Cost: Monthly infrastructure spend fell from roughly $78,000 to $41,000.
Reliability: P1 incidents dropped to zero during the 30-day holiday window.
Team velocity: Deployment frequency increased from roughly once per month to twice per week.

The cost reduction was driven by three factors: right-sized compute, elimination of over-provisioned staging environments running 24/7, and the removal of expensive synchronous fan-out patterns that had inflated message-delivery costs. The performance improvements came from removing synchronous dependencies, caching aggressively at the edge, and giving the database breathing room through read replicas and connection pooling.

Key Metrics

Below is a summary of the most important before-and-after metrics.

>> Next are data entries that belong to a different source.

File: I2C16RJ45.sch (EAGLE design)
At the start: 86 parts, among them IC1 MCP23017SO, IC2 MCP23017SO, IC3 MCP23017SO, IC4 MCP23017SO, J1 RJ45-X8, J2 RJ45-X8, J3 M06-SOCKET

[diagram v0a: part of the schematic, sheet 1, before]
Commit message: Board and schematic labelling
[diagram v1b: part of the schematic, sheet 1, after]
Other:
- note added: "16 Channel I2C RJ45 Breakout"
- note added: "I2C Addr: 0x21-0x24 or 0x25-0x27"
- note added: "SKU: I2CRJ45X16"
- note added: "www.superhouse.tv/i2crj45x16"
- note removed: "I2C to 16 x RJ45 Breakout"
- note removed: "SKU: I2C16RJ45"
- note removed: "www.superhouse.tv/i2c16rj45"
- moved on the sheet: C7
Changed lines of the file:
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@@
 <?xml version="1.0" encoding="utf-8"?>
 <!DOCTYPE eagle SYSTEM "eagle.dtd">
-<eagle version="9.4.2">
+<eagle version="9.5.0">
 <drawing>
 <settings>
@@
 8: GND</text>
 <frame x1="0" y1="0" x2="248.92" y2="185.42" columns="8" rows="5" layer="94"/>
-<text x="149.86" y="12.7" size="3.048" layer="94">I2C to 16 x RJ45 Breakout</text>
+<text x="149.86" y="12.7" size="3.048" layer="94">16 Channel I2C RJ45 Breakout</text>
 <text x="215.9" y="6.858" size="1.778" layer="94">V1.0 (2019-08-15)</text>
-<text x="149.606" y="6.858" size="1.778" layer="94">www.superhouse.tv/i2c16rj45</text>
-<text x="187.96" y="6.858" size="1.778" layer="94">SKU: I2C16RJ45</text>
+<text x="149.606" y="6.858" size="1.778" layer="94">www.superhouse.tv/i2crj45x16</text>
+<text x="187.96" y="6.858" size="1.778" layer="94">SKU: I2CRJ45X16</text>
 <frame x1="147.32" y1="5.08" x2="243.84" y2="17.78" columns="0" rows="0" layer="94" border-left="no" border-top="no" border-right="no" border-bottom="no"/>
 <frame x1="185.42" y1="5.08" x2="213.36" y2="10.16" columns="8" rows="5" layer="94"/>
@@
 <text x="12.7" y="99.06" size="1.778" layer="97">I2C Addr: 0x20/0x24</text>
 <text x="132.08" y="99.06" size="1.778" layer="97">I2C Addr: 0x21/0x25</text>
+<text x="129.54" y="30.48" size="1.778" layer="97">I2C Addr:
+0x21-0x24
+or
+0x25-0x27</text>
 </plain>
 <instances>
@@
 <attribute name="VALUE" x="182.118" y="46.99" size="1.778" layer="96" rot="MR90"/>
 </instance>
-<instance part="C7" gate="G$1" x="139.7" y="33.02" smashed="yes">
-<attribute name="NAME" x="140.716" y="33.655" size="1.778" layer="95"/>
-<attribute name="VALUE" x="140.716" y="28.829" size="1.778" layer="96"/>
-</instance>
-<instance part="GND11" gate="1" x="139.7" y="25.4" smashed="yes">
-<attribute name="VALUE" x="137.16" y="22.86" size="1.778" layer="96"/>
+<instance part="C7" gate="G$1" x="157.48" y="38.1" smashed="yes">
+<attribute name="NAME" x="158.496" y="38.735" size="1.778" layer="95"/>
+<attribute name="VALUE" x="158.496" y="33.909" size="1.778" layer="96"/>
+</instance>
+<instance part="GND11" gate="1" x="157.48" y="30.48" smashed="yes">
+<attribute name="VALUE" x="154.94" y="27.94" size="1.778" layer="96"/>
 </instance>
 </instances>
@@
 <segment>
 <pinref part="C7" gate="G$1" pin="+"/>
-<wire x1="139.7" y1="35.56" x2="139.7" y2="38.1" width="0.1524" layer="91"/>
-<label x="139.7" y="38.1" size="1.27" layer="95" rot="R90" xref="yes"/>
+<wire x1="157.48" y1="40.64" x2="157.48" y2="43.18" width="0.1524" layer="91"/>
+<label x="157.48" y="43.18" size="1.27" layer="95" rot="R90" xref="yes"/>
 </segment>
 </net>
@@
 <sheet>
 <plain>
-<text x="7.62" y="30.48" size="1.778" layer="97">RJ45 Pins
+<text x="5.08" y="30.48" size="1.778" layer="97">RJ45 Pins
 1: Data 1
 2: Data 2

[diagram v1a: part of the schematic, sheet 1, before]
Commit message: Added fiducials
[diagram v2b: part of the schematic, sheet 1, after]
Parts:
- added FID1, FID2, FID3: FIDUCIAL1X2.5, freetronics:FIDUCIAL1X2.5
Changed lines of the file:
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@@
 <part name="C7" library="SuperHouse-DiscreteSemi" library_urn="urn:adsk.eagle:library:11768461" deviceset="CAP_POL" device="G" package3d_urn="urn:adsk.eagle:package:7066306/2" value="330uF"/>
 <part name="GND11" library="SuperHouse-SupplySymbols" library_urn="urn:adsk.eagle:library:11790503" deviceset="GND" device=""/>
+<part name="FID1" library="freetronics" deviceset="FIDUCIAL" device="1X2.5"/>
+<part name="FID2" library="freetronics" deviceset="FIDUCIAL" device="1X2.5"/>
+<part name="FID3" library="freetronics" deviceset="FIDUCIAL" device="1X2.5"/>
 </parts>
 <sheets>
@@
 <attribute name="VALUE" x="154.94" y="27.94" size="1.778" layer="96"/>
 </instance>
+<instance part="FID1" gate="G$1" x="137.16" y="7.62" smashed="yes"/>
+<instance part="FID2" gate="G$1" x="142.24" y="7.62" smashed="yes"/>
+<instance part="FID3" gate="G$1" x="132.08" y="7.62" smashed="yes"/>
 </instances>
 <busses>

Median API latency: 1,400ms → 220ms
P95 API latency: 3,200ms → 480ms
Monthly infrastructure cost: $78,000 → $41,000
Requests per minute supported: 18,000 → 54,000
P1 incidents per month: 4.2 average → 0
Deployment frequency: 1/month → 2/week
Database read pressure: reduced 42% after ETL migration

Lessons Learned

The project reinforced several lessons that apply broadly to fast-growing SaaS companies.

Right-size infrastructure before optimizing architecture. Many of the cost savings came from discontinuing oversized environments and unused resources, not from writing more efficient code. A thorough resource audit should precede any rewrite.

Event-driven decomposition is not just a scalability pattern; it is a team-velocity pattern. Once bounded contexts had clear publish-subscribe contracts, teams could deploy independently. Change failure rate dropped because blasts radiuses were smaller.

Invest in observability first. Trying to migrate an unknown system is like performing surgery without an MRI. The first two weeks of instrumentation paid for themselves within the first month by eliminating guesswork during incidents.

Strangle, do not rewrite. A full monolith rewrite would have taken six to eight months and risked missing the holiday deadline entirely. The strangler-fig approach let us deliver incremental, reversible value every two weeks.

Executive buy-in requires financial foresight. Presenting a cost model before touching production made it easy to justify the migration budget. By showing expected monthly savings, leadership viewed the project as an investment with a clear payback period rather than a technical luxury.

CloudScale entered the holiday season with a platform that was faster, cheaper, and more reliable than at any point in its history. More importantly, the engineering team emerged with the patterns, tooling, and confidence to continue evolving the system without external dependency.